How this skill works

I create crawls via the OnPage task_post endpoint or run single live requests when appropriate. I poll tasks_ready (or accept webhooks) until tasks complete, then fetch summary, pages, resources, and Lighthouse results. Responses are validated (status_code checks), normalized into a concise issue list with severity and URL context, and the raw API payload is made available for troubleshooting.
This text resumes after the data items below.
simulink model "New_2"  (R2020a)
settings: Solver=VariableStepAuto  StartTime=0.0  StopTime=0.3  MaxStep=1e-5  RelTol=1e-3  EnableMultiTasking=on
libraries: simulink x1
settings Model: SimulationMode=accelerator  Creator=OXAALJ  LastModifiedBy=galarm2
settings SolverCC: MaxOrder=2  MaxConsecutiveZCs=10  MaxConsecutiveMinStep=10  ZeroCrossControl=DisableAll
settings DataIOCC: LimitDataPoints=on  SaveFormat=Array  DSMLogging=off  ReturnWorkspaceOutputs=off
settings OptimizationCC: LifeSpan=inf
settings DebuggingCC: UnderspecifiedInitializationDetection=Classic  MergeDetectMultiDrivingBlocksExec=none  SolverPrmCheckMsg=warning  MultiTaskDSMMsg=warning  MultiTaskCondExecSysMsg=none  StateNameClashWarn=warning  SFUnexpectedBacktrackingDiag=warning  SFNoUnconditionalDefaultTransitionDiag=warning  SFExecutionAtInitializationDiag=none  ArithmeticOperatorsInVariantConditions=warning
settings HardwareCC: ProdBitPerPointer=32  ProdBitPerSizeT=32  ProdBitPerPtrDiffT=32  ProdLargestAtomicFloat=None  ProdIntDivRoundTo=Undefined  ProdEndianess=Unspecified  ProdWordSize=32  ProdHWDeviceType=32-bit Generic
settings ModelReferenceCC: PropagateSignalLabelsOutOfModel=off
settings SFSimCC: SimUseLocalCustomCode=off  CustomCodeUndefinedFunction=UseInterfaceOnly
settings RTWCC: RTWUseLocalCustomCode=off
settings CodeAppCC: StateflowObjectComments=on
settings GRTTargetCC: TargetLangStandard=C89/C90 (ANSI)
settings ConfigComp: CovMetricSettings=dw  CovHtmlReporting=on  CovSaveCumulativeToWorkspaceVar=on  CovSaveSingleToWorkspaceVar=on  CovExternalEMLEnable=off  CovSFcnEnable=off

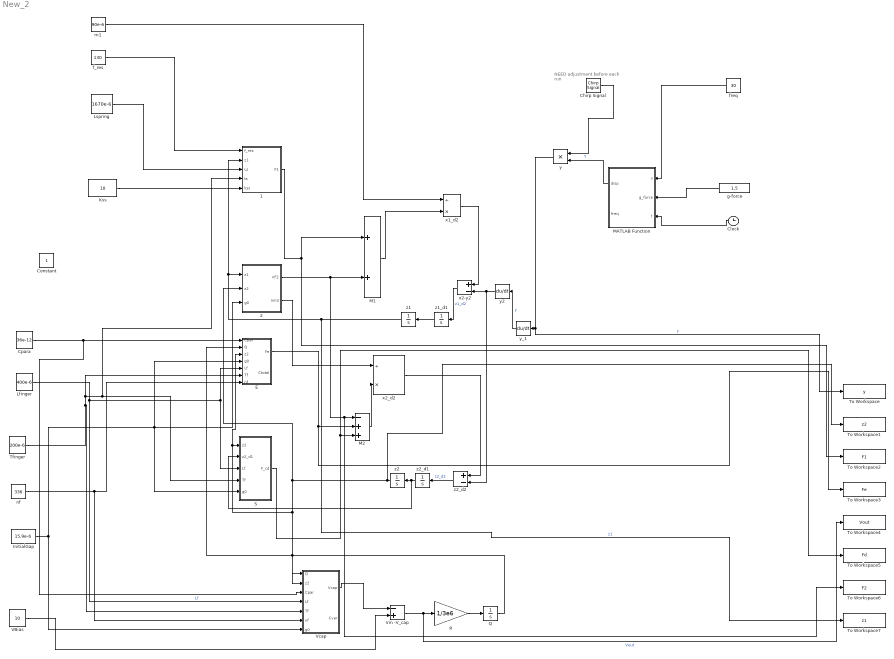
== system New_2 ==
  note: NEED
      | adjustment
      | before each
      | run
  " M1" : Sum  RndMeth=Nearest
  1 : MATLAB Function  TreatAsAtomicUnit=on
  2 : MATLAB Function  TreatAsAtomicUnit=on
  Chirp Signal : simulink/Sources/Chirp Signal  f1=30  T=0.3  f2=30
  Clock : Clock
  Cpara : Constant  Value=36e-12  VectorParams1D=off
  E : MATLAB Function  TreatAsAtomicUnit=on
  InitialGap : Constant  Value=15.9e-6
  Kss : Constant  Value=10
  Lfinger : Constant  Value=400e-6
  Lspring : Constant  Value=1670e-6
  M2 : Sum  Inputs=-++  RndMeth=Nearest
  MATLAB Function : MATLAB Function  TreatAsAtomicUnit=on
  Q : Integrator
  R : Gain  Gain=1/3e6
  S : MATLAB Function  TreatAsAtomicUnit=on
  Tfinger : Constant  Value=200e-6
  To Workspace : ToWorkspace  VariableName=y  SampleTime=-1
      settings: Save2DSignal=2-D array (concatenate along first dimension)
  To Workspace1 : ToWorkspace  VariableName=z2  SampleTime=-1
      settings: Save2DSignal=2-D array (concatenate along first dimension)
  To Workspace2 : ToWorkspace  VariableName=F1  SampleTime=-1
      settings: Save2DSignal=2-D array (concatenate along first dimension)
  To Workspace3 : ToWorkspace  VariableName=Fe  SampleTime=-1
      settings: Save2DSignal=2-D array (concatenate along first dimension)
  To Workspace4 : ToWorkspace  VariableName=Vout  SampleTime=-1
      settings: Save2DSignal=2-D array (concatenate along first dimension)
  To Workspace5 : ToWorkspace  VariableName=Fd  SampleTime=-1
      settings: Save2DSignal=2-D array (concatenate along first dimension)
  To Workspace6 : ToWorkspace  VariableName=F2  SampleTime=-1
      settings: Save2DSignal=2-D array (concatenate along first dimension)
  To Workspace7 : ToWorkspace  VariableName=z1  SampleTime=-1
      settings: Save2DSignal=2-D array (concatenate along first dimension)
  VBias : Constant  Value=10
  Vcap : MATLAB Function  TreatAsAtomicUnit=on
  Vin -V_cap : Sum  Inputs=-+  RndMeth=Nearest
  f_res : Constant  Value=130
  freq : Constant  Value=30
  g-force : Constant  Value=1.5
  m1 : Constant  Value=90e-6
  nf : Constant  Value=336
  x1_d2 : Product  Inputs=/*
  x2-y2 : Sum  Inputs=+-  RndMeth=Nearest
  x2_d2 : Product  Inputs=/*
  y : Product
  y2 : Derivative
  y_1 : Derivative
  z1 : Integrator
  z1_d1 : Integrator
  z2 : Integrator
  z2_d1 : Integrator
  z2_d2 : Sum  Inputs=+-  RndMeth=Nearest
  Constant : Constant  IOType=siggen
  wires:
  E/1(Fe) -> To Workspace3/1, M2/2
  1/1(F1) -> To Workspace2/1, " M1"/1
  S/1(F_cd) -> To Workspace5/1, M2/3
  f_res/1 -> 1/1(f_res)
  m1/1 -> x1_d2/1
  Clock/1 -> MATLAB Function/3(t)
  g-force/1 -> MATLAB Function/2(g_force)
  freq/1 -> MATLAB Function/1(f)
  MATLAB Function/1(disp) -> y/2  "Y"
  y/1 -> To Workspace/1, y_1/1  "y"
  InitialGap/1 -> E/4(g0), S/5(g0), 2/3(g0), Vcap/7(g0)
  VBias/1 -> Vin -V_cap/2
  Vin -V_cap/1 -> To Workspace4/1, R/1  "Vout"
  R/1 -> Q/1
  Q/1 -> E/2(Q), Vcap/1(Q)
  Vcap/1(Vcap) -> Vin -V_cap/1
  Lfinger/1 -> Vcap/4(Lf), E/5(Lf), S/3(Lf)  "Lf"
  Cpara/1 -> Vcap/3(Cpar), E/1(Cpar)
  Chirp Signal/1 -> y/1
  nf/1 -> Vcap/6(nf), E/7(nf)
  Lspring/1 -> 1/3(Ls)
  Tfinger/1 -> E/6(Tf), 1/4(ts), S/4(Tf), Vcap/5(Tf)
  Kss/1 -> 1/5(kss)
  2/1(nF2) -> To Workspace6/1, M2/1, " M1"/2
  " M1"/1 -> x1_d2/2
  y_1/1 -> y2/1  "y"
  x1_d2/1 -> x2-y2/1
  y2/1 -> z2_d2/2, x2-y2/2
  x2-y2/1 -> z1_d1/1  "z1_d2"
  z1_d1/1 -> z1/1
  z1/1 -> To Workspace7/1, 1/2(z1), 2/1(z1)  "z1"
  x2_d2/1 -> z2_d2/1
  z2_d2/1 -> z2_d1/1  "z2_d2"
  z2_d1/1 -> S/2(z2_d1), z2/1
  z2/1 -> To Workspace1/1, Vcap/2(z2), S/1(z2), E/3(z2), 2/2(z2)
  2/2(nm2) -> x2_d2/1
  M2/1 -> x2_d2/2

== matlab function New_2/E ==
  data: Cpar input; Q input; Fe output; z2 input; g0 input; Ctotal output; Lf input; Tf input; nf input
function [Fe,Ctotal] = fcn(Cpar,Q,z2,g0,Lf,Tf,nf)
% This function is to calculate the Fe (electrostatic force on m2)


%%%% slanted electrodes (BASSET 2014)
a = 3.5/200;    %aspect ratio
%C = ((eps0.*nf.*Lf)./(4.*a)).*log( ((g+2.*Wf.*a).^2 - z2.^2)./ (g.^2 - z2.^2));
% Cfit = (4.58916e18)*z2^6 - (6.34823e10)*z2^5 - (8.01379e8)*z2^4 + ...
%     (1.06902e1)*z2^3 + (8.85118e-2)*z2^2 + (3.66175e-11)*z2 + 1.50912e-11; % from excel
%Ctotal = Cfit + Cpar;
%==========================================================================
% Accounting for Parylene

eps0 = 8.85e-12;                                %permitivity of free space 
er   = 3.15;                                    %relative dielectric (Parylene C)
t    = 200e-9;                                  % thickness of parylene
g_p  = g0 - 2*t;                                % Minimum air gap
Ctot = 0;                                       % this gets reassigned in the if statements
z2lin = 1.54e-5;                              % z2 value at which linear approx starts
dcdz2 = 0.0605;                                % Slope of linear approx
c0 = 1.1855e-10;                                % Capacitance value at z2lin

if g_p > abs(z2)    %separate motion
    z2 = z2 * 2;
    C_L = ((eps0.*Lf)./(2.*a)).*( log( (g_p + z2 + 2.*a.*Tf)./(g_p + z2) ) );
    C_Leff = 1./( (2./(er.*eps0.*Lf.*Tf./t)) + 1./C_L);
    
    C_R = ((eps0.*Lf)./(2.*a)).*( log( (g_p - z2 + 2.*a.*Tf)./(g_p - z2) ) );
    C_Reff = 1 ./ ( (2./(er.*eps0.*Lf.*Tf./t)) + 1./C_R);

    Ctot = (C_Leff + C_Reff).*(nf./2);    
end

if -z2lin > z2      % Impacting with Left Hand side
    Ctot = c0 + dcdz2.*(-g_p - z2); 
end 

if z2 > z2lin      % impacting with RHS
    Ctot = c0 + dcdz2.*(z2 - g_p);
end

Ctotal = Ctot + Cpar;
% z2max = 15.5e-6;     %maximum displaccement for capacitance calc
% Cmax = (4.58916e18)*z2max^6 - (6.34823e10)*z2max^5 - (8.01379e8)*z2max^4 + ...
%     (1.06902e1)*z2max^3 + (8.85118e-2)*z2max^2 + (3.66175e-11)*z2max...
%     + 1.50912e-11;      %capacitance at z2max
% C = min(Cmax,Cfit);     % Use Cmax if z2>z2max


% dC is divided by four here because nf is total electrodes, not number of
% electrode pairs
dC = ((eps0.*nf.*Lf)./(4.*a))*( ((2*z2)/(g0^2 - z2^2)) - ((2*z2)/((g0+2*Tf*a)^2 - z2^2) ));

% dC = ((eps0.*nf.*Lf)./(1*a))*( ((2*z2)/(g0^2 - z2^2)) - ((2*z2)/((g0+2*Tf*a)^2 - z2^2) ));  % Nf IS the number of electrodes

Fe = -1*((Q^2)/(2*Ctotal^2))*dC;


end

== matlab function New_2/S ==
  data: z2 input; F_cd output; z2_d1 input; Lf input; Tf input; g0 input
function F_cd  = SQFD(z2,z2_d1,Lf,Tf,g0)
% This block supports an embeddable subset of the MATLAB language.
% See the help menu for details. 


mu = 1.846e-5;      %dynamic viscosity of air

%--------------------------------------------------------------------------
%Simple, low amplitude SQFD
% cd = nf*mu*Lf*Wf^3.*(1./(g-z).^3 + 1./(g+z).^3);
% A   = 14.4e-6;      %Soft Stopper Nominal Gap (meters)
% 
t    = 200e-9;                                  % thickness of parylene
g_p  = g0 - 2*t;                                % Minimum air gap


if  abs (z2) < g_p    %the separate motion
    z2 = 2*z2;
    z2_d1 = 2*z2_d1;
end   
% 
% b_eff   =   1.3;                                      % boarder effect coefficient
% epsr    =   3.15;                                     % relative dielectric
% 
% 
% tf_r    =   Tf + b_eff * ( g_p - z2 );
% tf_l    =   Tf + b_eff * ( g_p + z2 );
% lf_r    =   Lf + b_eff * ( g_p - z2 );
% lf_l    =   Lf + b_eff * ( g_p + z2 );
% 
% cdr     =   nf * mu * lf_r * tf_r^3 * ( g_p - z2  ) ^(-3) ;
% cdl     =   nf * mu * lf_l * tf_l^3 * ( g_p + z2  ) ^(-3) ;
% 
% F_cd      =   - 1*( cdr + cdl ) * z2_d1 ; 


%-----------The classic squeeze film damping equation------------%
% 
% tp        =   200e-9;                                     % the thickness of paralyene
% Cd        =   20e-20;  
% epsr      =   3.15;                                       % relative dielectric
% 
% F_cd        =   -Cd * z2_d1* (( g_p  - z2 + 2*tp/epsr) ^(-3) + ( g_p  + z2 + 2*tp/epsr) ^(-3));

%% Andy Moy damping original
% mu    =   1.983e-5;                                   %Air viscocity dynamic (kg/m*s)
% rho   =   1.204;                                      %Air density    (kg/m3)                    
% a     =   3.5*2/200;                                  %Tilt angle difference, tan(a)- tan(b)
% 
% 
% t    = 200e-9;                                  % thickness of parylene
% g_p  = g0 - 2*t;                                % Minimum air gap
% % Left-hand side
% 
% ho_l  =  g_p + z2;                                    %Left-hand side ho
% hl_l  =  ho_l + a*Tf;                                %Left-hand side hl
% 
% C1_l  =  -ho_l*Tf/(ho_l + 2*a)* z2_d1;               %The c1 parameter, left
% C2_l  =  12*mu*a^-2/(2*ho_l + a*Tf) * z2_d1;         %The c1 parameter, left
% 
% 
% F_l   =  Lf * (Tf * C2_l - 6*mu*Tf/a/ho_l/hl_l*C1_l + 6*mu*Tf*a^-4/hl_l*z2_d1+ 12*mu*a^-3 * z2_d1 * (log(ho_l./hl_l)) ); 
% % F_l   =  Lf * (Tf * C2_l - 6*mu*Tf/a/ho_l/hl_l*C1_l + 6*mu*Tf*a^-4/hl_l*z2_d1+ 12*mu*a^-3 * z2_d1 * (log(16/22)) ); 
% % Right-hand side                   
% 
% ho_r  =  g_p - z2;                                    %Left-hand side ho
% hl_r  =  ho_r + a*Tf;                                %Left-hand side hl
% 
% C1_r  =  -ho_r*Tf/(ho_r + 2*a)* z2_d1;                 %The c1 parameter, right
% C2_r  =  12*mu*a^-2/(2*ho_r + a*Tf) * z2_d1;         %The c1 parameter, right
% 
% 
% F_r   =  Lf * (Tf * C2_r - 6*mu*Tf/a/ho_r/hl_r*C1_r + 6*mu*Tf*a^-4/hl_r*z2_d1 + 12*mu*a^-3 * z2_d1 * (log(ho_r./hl_r) )) ; 
% % F_r   =  Lf * (Tf * C2_r - 6*mu*Tf/a/ho_r/hl_r*C1_r + 6*mu*Tf*a^-4/hl_r*z2_d1 + 12*mu*a^-3 * z2_d1 * (log(16/22) )) ; 
% F_cd  =  -100000*(F_l  + F_r)*nf;


%% Andy Moy damping Tf Lf
mu    =   1.983e-5;                                   %Air viscocity dynamic (kg/m*s)
rho   =   1.204;                                      %Air density    (kg/m3)                    
a     =   3.5*2/200;                                  %Tilt angle difference, tan(a)- tan(b)


t    = 200e-9;                                  % thickness of parylene
g_p  = g0 - 2*t;                                % Minimum air gap
% Left-hand side

ho_l  =  g_p + z2;                                    %Left-hand side ho
hl_l  =  ho_l + a*Lf;                                %Left-hand side hl

C1_l  =  -ho_l*Lf/(ho_l + 2*a)* z2_d1;               %The c1 parameter, left
C2_l  =  12*mu*a^-2/(2*ho_l + a*Lf) * z2_d1;         %The c1 parameter, left


F_l   =  Tf * (Lf * C2_l - 6*mu*Lf/a/ho_l/hl_l*C1_l + 6*mu*Lf*a^-4/hl_l*z2_d1+ 12*mu*a^-3 * z2_d1 * (log(ho_l./hl_l)) )*0.336; 
% F_l   =  Lf * (Tf * C2_l - 6*mu*Tf/a/ho_l/hl_l*C1_l + 6*mu*Tf*a^-4/hl_l*z2_d1+ 12*mu*a^-3 * z2_d1 * (log(16/22)) ); 
% Right-hand side                   

ho_r  =  g_p - z2;                                    %Left-hand side ho
hl_r  =  ho_r + a*Lf;                                %Left-hand side hl

C1_r  =  -ho_r*Lf/(ho_r + 2*a)* z2_d1;                 %The c1 parameter, right
C2_r  =  12*mu*a^-2/(2*ho_r + a*Lf) * z2_d1;         %The c1 parameter, right


F_r   =  Tf * (Lf * C2_r - 6*mu*Lf/a/ho_r/hl_r*C1_r + 6*mu*Lf*a^-4/hl_r*z2_d1 + 12*mu*a^-3 * z2_d1 * (log(ho_r./hl_r) ))*0.336 ; 
% F_r   =  Lf * (Tf * C2_r - 6*mu*Tf/a/ho_r/hl_r*C1_r + 6*mu*Tf*a^-4/hl_r*z2_d1 + 12*mu*a^-3 * z2_d1 * (log(16/22) )) ; 
F_cd  =  -(F_l  + F_r);

end

== matlab function New_2/2 ==
  data: z1 input; z2 input; nF2 output; g0 input; nm2 output
function [nF2, nm2] = fcn(z1, z2, g0)

%% Jinglun Li, lij31@rpi.edu/06/14/2019
% This is to calculate the F2 on m1 and m2, which is:

% Inputs:

% The displacement (z1)
% The displacement (z2)
% The effective spring constant k2 

% Output:
%  F2 = -k2 * (z1 - z2)

%% k2
t    = 200e-9;                                  % thickness of parylene
g_p  = g0 - 2*t;                                % Minimum air gap



 if       abs (z2) < g_p 
          nm2      =    0.1e-8;                                   % Cantilever's mass
          nk2      =    3000;                                     % Spring constant from movable electrodes
          nF2       =   - nk2*(z1 - z2);                           % From the second spring       

 
 
 else

          nm2      =    0.2e-8;                                   % Cantilever's mass
          nk2      =    3000;
          nF2       =   - nk2*(z1 - z2)+ nk2*z2;                    % From the second spring     
 end

%% Force calculation

end

== matlab function New_2/MATLAB Function ==
  data: f input; disp output; g_force input; t input; freq output
function [disp,freq] = fcn(f,g_force,t)
%#codegen
% accel = g_force*9.81;

ramp = 200e-3;

if t < ramp
   freq = f;
   disp = (t/ramp)* (g_force/(4.0243*freq^2));          %const = (2*pi())^2/9.81
%         vel = (t/ramp)*(g_force*9.81)/(2*pi*freq);
else
    freq = f;
    disp = g_force/(4.0243*freq^2);          %const = (2*pi())^2/9.81
%   vel = (g_force*9.81)/(2*pi*freq);
%   disp = g/(4.0243*((fhigh-flow)/2)^2); 

%   freq = (0.5) * (fhigh+flow);
%   disp = g/(4.0243*freq^2);          %const = (2*pi())^2/9.81
end

% freq = (t/sweep_time)*(fhigh-flow) + flow;
% freq = (0.5) * (fhigh+flow);
% disp = g/(4.0243*freq^2);          %const = (2*pi())^2/9.81
% disp = g/(4.0243*((fhigh-flow)/2)^2); 

% coder.extrinsic('chirp');
% y = chirp(t,flow,sweep_time,fhigh,'linear',0);
% y_dot = chirp(t,flow,sweep_time,fhigh,'linear',90);
% y_dot_dot = chirp(t,flow,sweep_time,fhigh,'linear',180);

end

== matlab function New_2/1 ==
  data: f_res input; z1 input; F1 output; Ls input; ts input; kss input
function F1 = fcn(f_res,z1, Ls, ts, kss)

%% Jinglun Li, lij31@rpi.edu/06/14/2019
% This is to calculate the F1 on m1, which is:

% Inputs:
% The measuerd resonant frequency of m1
% The spring length of suspension spring
% The device thickness
% The spring constant of the softspring attache to the anchor
% The displacement (z11)


% Output:
%  F1 = Fsp +  Fss
%  Fsp - from the suspension spring
%  Fss - from the 


%% The device parameters, format should be constant ( all in SI unit)
m1     =     90e-6;
E      =     180e9;                                   % The Young's mudulous 
ws     =    10e-6;                                   % spring width (m)


% Parameters from back calculation


% 
A  = 14.4e-6;      %Soft Stopper Nominal Gap (meters)
g0 = 15.91e-6;      % Nominal Gap (m)
B  = 15.5e-6;      % Parylene stopper gap (m)... B = g0 - 2*200nm


% % Back Calculate effective spring beam width
omega0   =    f_res*2*pi;                             %The measured fresonant angular frequency                       
k1       =    (omega0)^2*m1;                          %Linear spring constant k1 (N/m)
wseff    = (((Ls^3)*k1)/(2*E*ts))^(1/3);         %effective spring beam width (m)
k3_singu = (18/25)*(k1/2)*(1/(wseff^2));         %cubic spring constant of a single spring,  k3 (N/m)
k3       = k3_singu/8;                           %k3 of all the connected suspension springs
% 

% k1      =    2*E *ts*(ws^3)/(Ls^3);                       % Spring constant from supporting beams
% k3      =    1/2*(18/25)*E * ts*ws/(Ls^3);


%% Force calculation
% Fsp      =  -k1.*z1 - k3.*z1.^3;                 %Spring force from the suspension spring (N)
Fsp      =  -k1.*z1 - k3*1*(z1^3);                 %Spring force from the suspension spring (N)

%  Fss: to execute the piece-wise function

% To execute the piece-wise function
    if     abs (z1) < A
         Fss = 0;                                %No stoppers 
    else
         Fss = - kss*(z1-A)*sign(z1);          %Soft stopper
    end

F1       =   Fsp  +  Fss;                        %The spring force F1       


end

== matlab function New_2/Vcap ==
  data: Q input; z2 input; Vcap output; Cpar input; Cvar output; Lf input; Tf input; nf input; g0 input
function [Vcap,Cvar]  = fcn(Q, z2, Cpar, Lf,Tf,nf, g0)
%#codegen
eps0 = 8.85e-12;


% %%%% slanted electrodes (BASSET 2014)
a = 3.5/200;
%C = ((eps0.*nf.*Lf)./(4.*a)).*log( ((g+2.*Wf.*a).^2 - z.^2)./ (g.^2 - z.^2));
% Cfit = (4.58916e18)*z^6 - (6.34823e10)*z^5 - (8.01379e8)*z^4 + ...
%     (1.06902e1)*z^3 + (8.85118e-2)*z^2 + (3.66175e-11)*z + 1.50912e-11; % from excel
% Cvar = Cfit + Cpar;

% zmax = 15.5e-6;     %maximum displaccement for capacitance calc
% Cmax = (4.58916e18)*zmax^6 - (6.34823e10)*zmax^5 - (8.01379e8)*zmax^4 + ...
%     (1.06902e1)*zmax^3 + (8.85118e-2)*zmax^2 + (3.66175e-11)*zmax...
%     + 1.50912e-11;      %capacitance at zmax
% C = min(Cmax,Cfit);     % Use Cmax if z>zmax


%==========================================================================
% Accounting for Parylene
er = 3.15;          % relative dielectric
t = 200e-9;         % thickness of parylene

g_p  = g0 - 2*t;                                % Minimum air gap
Ctot = 0;           % this gets reassigned in the if statements
Zlin = 1.54e-5;   % z value at which linear approx starts
dcdz = 0.0605;     % Slope of linear approx
c0 = 1.1855e-10;    % Capacitance value at Zlin

if g_p > abs(z2)
    z2 = z2 * 2;
    
    C_L = ((eps0.*Lf)./(2.*a)).*( log( (g_p + z2 + 2.*a.*Tf)./(g_p + z2) ) );
    C_Leff = 1./( (2./(er.*eps0.*Lf.*Tf./t)) + 1./C_L);
    
    C_R = ((eps0.*Lf)./(2.*a)).*( log( (g_p - z2 + 2.*a.*Tf)./(g_p - z2) ) );
    C_Reff = 1 ./ ( (2./(er.*eps0.*Lf.*Tf./t)) + 1./C_R);

    Ctot = (C_Leff + C_Reff).*(nf);    
end

if -Zlin > z2      % Impacting with Left Hand side
    Ctot = c0 + dcdz.*(-g_p - z2); 
end 

if z2 > Zlin      % impacting with RHS
    Ctot = c0 + dcdz.*(z2 - g_p);
end


Cvar = Ctot + Cpar;
%==========================================================================

Vcap = Q/Cvar;
end

For in-progress work I can force_stop crawls on demand.

When to use it

  • Run a full site crawl after a deployment to catch regressions (redirects, noindex, broken links).
  • Audit a site for duplicate titles, meta tags, or canonical issues across many pages.
  • Generate Lighthouse performance reports at scale for a set of URLs and detect regressions.
  • Create an automated QA gate for SEO before release or scheduled site-health monitoring.
  • Prioritize remediation work by combining technical issues with Lighthouse performance metrics.

Best practices

  • Use task-based mode for large sites and scheduled monitoring; use live mode for single-URL checks.
  • Provide HTTP Basic credentials (login:password) and verify access to the target domain before running large crawls.
  • Limit crawl depth and page limits during initial runs to avoid unnecessary load.
  • Store tasks[].id and poll tasks_ready or configure postback_url to avoid long synchronous waits.
  • Always surface the raw API payload with the normalized summary for developer troubleshooting.

Example use cases

  • Crawl an entire domain to list broken links, 4xx/5xx responses, and redirect chains.
  • Run Lighthouse on 50 high-priority pages and export the slowest resources and opportunity suggestions.
  • Detect non-indexable pages (noindex, disallowed by robots) after a migration and produce a prioritized fix list.
  • Scan for duplicate titles/meta across product pages and output CSV-ready exports for content teams.
  • Integrate Lighthouse metrics into an engineering backlog to track performance improvements over time.

FAQ

What credentials are required?

HTTP Basic Auth (login:password) as specified by DataForSEO; include them in the Authorization header.

How do I stop a running crawl?

Call the OnPage force_stop endpoint with the task id to terminate an in-progress crawl.